Every morning, we scour the Internet and vet what we believe are the five things you absolutely need to know for the day. Join this mailing list to receive 5 things you absolutely must know today every morning, Monday to Friday, by 8 a.m.  


Stuart Murray forced out as CEO of  Canadian Museum for Human Rights

The president and CEO of the Canadian Museum for Human Rights, Stuart Murray, has been let go, as Ottawa declined to renew his contract. Nov. 2 will be his last day in office, after spending the last five years guiding the museum’s construction through policy roadblocks, and the many other setbacks germane to such a large-scale, unique project. And, of course, added to this minutia of things he had to deal with were the requests from ethnic groups wanting specific representation at the CMHR. The news came as a shock to Murray, telling news sources, “He did not see this coming.” The CMHR board did not comment on why Ottawa made the decision. But speculation abounds, no doubt. It’s been a facility marred by controversy and skepticism. Many of the facility’s staff have departed, some complaining over how it’s run and others about its watered-down content. [Source: Winnipeg Free Press]

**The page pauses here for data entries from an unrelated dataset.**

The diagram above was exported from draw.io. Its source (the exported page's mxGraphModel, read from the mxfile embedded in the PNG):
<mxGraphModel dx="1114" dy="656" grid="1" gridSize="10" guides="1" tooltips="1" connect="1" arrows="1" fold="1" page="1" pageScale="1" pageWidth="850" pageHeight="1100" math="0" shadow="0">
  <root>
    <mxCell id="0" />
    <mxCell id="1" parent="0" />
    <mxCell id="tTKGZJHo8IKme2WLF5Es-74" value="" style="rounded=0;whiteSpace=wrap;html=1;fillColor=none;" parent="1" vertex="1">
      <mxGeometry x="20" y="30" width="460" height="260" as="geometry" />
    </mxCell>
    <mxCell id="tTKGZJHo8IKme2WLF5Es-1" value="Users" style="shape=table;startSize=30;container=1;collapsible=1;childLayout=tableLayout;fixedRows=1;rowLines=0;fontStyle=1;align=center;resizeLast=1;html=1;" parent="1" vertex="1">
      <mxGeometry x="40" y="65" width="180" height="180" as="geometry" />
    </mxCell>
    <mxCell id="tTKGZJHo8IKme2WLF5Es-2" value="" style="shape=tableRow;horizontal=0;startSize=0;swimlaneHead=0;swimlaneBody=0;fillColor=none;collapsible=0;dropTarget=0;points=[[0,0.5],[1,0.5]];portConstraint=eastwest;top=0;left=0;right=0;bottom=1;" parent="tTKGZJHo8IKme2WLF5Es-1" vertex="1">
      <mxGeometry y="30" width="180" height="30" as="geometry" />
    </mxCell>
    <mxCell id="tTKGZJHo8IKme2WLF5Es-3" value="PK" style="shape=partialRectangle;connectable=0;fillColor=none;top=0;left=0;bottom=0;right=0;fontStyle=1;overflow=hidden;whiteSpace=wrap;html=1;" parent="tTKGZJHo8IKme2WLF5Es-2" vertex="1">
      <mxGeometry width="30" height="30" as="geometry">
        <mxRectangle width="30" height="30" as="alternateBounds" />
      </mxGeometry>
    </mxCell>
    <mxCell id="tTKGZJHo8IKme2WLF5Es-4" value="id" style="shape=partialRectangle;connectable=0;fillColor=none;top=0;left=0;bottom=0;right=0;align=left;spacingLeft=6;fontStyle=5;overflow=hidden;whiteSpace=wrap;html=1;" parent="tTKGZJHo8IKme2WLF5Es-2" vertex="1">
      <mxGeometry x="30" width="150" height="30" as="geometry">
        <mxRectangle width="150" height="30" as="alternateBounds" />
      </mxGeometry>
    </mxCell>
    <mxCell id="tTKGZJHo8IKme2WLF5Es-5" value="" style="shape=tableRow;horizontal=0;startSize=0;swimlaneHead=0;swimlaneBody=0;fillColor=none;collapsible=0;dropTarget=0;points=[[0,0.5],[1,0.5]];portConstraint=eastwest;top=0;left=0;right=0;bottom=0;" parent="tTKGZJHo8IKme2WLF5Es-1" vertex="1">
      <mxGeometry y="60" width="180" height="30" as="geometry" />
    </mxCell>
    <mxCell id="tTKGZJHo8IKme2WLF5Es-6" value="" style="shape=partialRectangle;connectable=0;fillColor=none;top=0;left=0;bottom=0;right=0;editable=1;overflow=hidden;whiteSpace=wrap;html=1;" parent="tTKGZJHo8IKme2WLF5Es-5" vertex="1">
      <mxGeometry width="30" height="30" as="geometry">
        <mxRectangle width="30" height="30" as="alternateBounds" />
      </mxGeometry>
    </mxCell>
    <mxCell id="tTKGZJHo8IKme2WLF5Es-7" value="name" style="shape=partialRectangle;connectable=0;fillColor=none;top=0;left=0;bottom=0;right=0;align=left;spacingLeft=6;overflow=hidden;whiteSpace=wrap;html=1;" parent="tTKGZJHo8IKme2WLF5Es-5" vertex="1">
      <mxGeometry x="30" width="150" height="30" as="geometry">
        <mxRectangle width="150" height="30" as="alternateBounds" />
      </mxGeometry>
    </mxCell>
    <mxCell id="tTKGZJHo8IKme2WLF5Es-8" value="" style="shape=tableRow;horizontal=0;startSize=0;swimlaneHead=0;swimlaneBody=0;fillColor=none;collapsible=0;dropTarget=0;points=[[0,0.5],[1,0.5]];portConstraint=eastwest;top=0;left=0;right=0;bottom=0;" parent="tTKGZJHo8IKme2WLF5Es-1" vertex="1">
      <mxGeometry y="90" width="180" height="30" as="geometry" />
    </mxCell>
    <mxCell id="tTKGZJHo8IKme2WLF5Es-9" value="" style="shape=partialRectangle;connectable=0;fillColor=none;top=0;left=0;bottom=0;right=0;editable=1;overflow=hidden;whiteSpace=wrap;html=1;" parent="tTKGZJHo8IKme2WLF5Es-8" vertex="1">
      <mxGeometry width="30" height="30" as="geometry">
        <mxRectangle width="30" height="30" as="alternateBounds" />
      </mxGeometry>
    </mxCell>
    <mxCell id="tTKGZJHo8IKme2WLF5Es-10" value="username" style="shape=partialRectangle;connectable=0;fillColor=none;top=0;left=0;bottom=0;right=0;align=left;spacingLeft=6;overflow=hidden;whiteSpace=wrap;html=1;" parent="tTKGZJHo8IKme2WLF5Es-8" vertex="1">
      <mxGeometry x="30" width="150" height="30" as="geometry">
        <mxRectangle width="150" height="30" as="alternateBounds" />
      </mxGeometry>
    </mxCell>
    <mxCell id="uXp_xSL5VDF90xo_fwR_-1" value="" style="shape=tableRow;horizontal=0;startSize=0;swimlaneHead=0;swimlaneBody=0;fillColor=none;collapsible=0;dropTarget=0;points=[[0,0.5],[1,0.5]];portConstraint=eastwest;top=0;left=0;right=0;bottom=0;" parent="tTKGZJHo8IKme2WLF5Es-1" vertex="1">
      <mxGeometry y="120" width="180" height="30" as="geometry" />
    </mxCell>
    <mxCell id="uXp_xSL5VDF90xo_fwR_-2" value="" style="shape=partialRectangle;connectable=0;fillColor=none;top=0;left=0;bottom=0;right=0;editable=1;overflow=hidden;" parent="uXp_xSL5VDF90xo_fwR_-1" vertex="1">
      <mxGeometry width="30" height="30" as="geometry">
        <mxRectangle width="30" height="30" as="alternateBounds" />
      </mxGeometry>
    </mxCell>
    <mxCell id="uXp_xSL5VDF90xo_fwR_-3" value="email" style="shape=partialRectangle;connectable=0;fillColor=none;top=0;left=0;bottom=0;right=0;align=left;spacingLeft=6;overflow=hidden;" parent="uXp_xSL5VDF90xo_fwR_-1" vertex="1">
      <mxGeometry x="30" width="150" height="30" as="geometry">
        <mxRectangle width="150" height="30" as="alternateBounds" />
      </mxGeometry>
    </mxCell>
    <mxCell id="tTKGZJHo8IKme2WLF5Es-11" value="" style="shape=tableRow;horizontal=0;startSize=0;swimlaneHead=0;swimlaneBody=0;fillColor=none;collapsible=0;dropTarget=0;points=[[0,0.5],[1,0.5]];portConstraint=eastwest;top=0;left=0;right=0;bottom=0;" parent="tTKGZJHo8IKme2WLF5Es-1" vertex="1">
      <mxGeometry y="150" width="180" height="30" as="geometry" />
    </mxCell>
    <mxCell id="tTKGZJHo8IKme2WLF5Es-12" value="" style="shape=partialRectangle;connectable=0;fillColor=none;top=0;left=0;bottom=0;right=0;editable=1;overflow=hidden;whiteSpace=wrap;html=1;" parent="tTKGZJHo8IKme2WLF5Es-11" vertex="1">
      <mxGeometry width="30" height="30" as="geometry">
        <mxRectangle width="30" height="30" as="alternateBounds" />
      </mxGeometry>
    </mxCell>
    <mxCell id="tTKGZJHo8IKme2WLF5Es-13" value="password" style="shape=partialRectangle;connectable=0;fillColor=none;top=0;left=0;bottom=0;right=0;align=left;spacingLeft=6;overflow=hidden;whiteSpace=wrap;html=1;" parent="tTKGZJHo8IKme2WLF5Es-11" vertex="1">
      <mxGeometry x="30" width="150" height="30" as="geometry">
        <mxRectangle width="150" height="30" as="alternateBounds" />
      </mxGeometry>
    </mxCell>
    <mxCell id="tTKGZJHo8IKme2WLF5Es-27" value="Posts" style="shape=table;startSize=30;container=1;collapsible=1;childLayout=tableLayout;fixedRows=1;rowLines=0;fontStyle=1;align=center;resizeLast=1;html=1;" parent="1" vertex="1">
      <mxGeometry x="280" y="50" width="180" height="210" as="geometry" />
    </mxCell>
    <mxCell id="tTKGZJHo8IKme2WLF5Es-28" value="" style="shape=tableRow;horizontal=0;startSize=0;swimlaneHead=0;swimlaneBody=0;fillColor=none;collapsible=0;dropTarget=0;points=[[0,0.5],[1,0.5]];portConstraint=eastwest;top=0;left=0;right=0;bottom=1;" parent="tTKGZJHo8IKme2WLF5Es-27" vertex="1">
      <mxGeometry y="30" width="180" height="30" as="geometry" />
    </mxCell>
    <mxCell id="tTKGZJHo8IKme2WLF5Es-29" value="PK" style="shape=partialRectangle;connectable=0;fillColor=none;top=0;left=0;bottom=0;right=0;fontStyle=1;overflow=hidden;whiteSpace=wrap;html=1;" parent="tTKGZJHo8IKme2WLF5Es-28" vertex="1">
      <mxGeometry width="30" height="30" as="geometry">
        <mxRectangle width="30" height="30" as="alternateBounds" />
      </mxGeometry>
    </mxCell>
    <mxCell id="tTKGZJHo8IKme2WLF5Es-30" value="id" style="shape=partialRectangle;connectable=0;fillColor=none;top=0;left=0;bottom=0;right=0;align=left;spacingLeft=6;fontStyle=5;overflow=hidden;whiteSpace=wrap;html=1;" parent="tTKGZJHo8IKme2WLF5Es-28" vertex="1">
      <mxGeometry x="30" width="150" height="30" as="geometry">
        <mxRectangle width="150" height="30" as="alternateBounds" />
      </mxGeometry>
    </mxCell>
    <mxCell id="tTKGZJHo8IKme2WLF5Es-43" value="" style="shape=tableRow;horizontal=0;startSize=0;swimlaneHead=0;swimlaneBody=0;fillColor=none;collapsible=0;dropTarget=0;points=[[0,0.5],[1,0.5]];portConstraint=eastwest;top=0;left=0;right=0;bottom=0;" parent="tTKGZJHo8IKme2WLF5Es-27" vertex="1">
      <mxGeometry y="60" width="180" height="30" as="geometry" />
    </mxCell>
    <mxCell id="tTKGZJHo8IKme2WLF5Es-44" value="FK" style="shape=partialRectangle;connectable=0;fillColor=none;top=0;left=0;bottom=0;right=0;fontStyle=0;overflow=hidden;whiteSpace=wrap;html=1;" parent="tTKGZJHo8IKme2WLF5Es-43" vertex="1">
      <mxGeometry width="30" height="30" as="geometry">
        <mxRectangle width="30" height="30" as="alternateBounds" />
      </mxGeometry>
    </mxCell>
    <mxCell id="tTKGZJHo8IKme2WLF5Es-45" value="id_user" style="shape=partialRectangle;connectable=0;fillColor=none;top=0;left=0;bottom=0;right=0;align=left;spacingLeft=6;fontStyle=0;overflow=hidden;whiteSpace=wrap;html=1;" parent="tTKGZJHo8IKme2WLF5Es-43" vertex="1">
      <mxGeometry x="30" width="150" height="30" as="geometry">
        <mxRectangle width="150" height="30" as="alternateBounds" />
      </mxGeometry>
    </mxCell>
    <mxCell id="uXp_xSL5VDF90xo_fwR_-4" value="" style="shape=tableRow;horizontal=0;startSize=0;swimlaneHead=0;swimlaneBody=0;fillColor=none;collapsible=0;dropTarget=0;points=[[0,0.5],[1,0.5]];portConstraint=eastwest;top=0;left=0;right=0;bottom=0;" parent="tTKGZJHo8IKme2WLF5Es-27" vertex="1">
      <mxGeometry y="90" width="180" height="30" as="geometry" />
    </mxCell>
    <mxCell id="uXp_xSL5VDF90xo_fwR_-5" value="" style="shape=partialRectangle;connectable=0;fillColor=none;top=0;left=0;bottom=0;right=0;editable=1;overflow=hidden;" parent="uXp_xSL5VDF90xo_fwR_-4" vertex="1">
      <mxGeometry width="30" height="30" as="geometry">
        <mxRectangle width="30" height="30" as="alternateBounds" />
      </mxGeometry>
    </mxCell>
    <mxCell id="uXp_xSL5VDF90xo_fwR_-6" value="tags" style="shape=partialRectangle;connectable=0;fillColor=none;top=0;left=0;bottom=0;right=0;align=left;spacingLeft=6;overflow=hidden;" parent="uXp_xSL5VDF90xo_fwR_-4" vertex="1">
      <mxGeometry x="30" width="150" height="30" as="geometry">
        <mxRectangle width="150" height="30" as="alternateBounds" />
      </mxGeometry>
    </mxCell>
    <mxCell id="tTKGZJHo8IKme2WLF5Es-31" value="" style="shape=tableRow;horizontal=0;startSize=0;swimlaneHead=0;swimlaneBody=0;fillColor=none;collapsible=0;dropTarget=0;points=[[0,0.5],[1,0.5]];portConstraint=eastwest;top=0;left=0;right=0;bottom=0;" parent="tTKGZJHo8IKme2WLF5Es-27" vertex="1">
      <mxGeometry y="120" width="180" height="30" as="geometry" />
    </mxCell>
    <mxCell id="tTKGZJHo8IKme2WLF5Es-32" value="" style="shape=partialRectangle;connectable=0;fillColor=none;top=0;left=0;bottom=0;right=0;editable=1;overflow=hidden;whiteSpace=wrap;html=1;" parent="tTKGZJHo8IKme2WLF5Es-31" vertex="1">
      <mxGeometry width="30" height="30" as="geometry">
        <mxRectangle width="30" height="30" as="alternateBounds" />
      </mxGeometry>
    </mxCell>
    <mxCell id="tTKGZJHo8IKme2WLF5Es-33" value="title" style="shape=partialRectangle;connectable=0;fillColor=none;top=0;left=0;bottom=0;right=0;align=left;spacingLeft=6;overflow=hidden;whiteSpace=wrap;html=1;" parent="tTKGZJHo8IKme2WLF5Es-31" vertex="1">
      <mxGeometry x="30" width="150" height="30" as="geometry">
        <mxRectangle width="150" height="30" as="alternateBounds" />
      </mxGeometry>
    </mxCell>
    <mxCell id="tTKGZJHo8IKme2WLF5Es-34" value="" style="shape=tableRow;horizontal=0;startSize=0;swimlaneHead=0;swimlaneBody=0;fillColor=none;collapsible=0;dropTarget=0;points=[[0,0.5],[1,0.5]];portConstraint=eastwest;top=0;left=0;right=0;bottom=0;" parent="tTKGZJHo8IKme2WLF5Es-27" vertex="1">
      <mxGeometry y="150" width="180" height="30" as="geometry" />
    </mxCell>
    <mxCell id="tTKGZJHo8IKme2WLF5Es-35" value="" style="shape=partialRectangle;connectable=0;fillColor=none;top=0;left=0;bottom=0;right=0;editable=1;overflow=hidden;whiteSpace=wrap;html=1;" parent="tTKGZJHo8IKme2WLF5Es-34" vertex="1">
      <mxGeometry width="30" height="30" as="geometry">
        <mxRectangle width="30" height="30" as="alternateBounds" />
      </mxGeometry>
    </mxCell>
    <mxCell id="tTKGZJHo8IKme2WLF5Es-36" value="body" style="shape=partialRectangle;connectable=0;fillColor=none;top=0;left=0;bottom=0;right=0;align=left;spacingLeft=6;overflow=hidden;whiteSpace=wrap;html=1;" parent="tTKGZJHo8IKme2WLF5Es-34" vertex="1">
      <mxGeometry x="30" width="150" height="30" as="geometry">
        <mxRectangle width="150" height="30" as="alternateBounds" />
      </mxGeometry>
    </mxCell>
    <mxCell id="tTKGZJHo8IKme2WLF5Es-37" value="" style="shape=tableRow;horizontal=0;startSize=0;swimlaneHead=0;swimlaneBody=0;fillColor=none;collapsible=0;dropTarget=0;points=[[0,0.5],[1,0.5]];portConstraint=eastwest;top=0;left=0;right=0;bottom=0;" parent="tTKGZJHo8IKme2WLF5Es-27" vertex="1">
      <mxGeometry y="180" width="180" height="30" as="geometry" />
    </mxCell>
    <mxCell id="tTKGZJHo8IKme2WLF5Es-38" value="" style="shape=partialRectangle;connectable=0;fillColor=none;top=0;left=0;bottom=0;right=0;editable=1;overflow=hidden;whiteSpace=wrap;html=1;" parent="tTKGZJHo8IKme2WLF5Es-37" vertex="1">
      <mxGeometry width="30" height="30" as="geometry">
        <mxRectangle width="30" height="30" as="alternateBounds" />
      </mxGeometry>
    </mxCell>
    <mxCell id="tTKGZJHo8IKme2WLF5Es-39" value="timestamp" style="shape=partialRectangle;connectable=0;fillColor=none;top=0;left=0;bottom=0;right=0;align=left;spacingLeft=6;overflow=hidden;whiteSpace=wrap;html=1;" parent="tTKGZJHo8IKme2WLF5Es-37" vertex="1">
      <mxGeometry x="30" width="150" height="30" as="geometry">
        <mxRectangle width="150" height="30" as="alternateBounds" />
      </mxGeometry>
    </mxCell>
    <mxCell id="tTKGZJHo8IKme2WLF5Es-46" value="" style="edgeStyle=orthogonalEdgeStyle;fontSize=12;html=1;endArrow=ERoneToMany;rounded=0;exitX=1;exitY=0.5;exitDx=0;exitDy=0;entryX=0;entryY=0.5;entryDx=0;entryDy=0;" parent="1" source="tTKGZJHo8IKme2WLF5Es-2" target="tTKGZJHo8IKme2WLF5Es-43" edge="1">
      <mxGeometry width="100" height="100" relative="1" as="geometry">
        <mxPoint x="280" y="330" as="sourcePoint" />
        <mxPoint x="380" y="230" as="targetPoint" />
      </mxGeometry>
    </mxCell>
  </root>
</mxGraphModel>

Hong Kong agrees to talks with protesters

Hong Kong has agreed to begin talks with protesters next week, according to its chief executive CY Leung, who addressed the issue after a second, consecutive night of clashes between police and pro-democracy activists took place near the government buildings.”Over the last few days, including this morning, through third parties, we expressed a wish to the students that we would like to start a dialogue to discuss universal suffrage as soon as we can and hopefully within the following week,” said Leung. The protests began about three weeks ago when the Chinese government passed a ruling that would ensure only vetted candidates could run for leadership in Hong Kong’s next election in 2017. [Source: BBC]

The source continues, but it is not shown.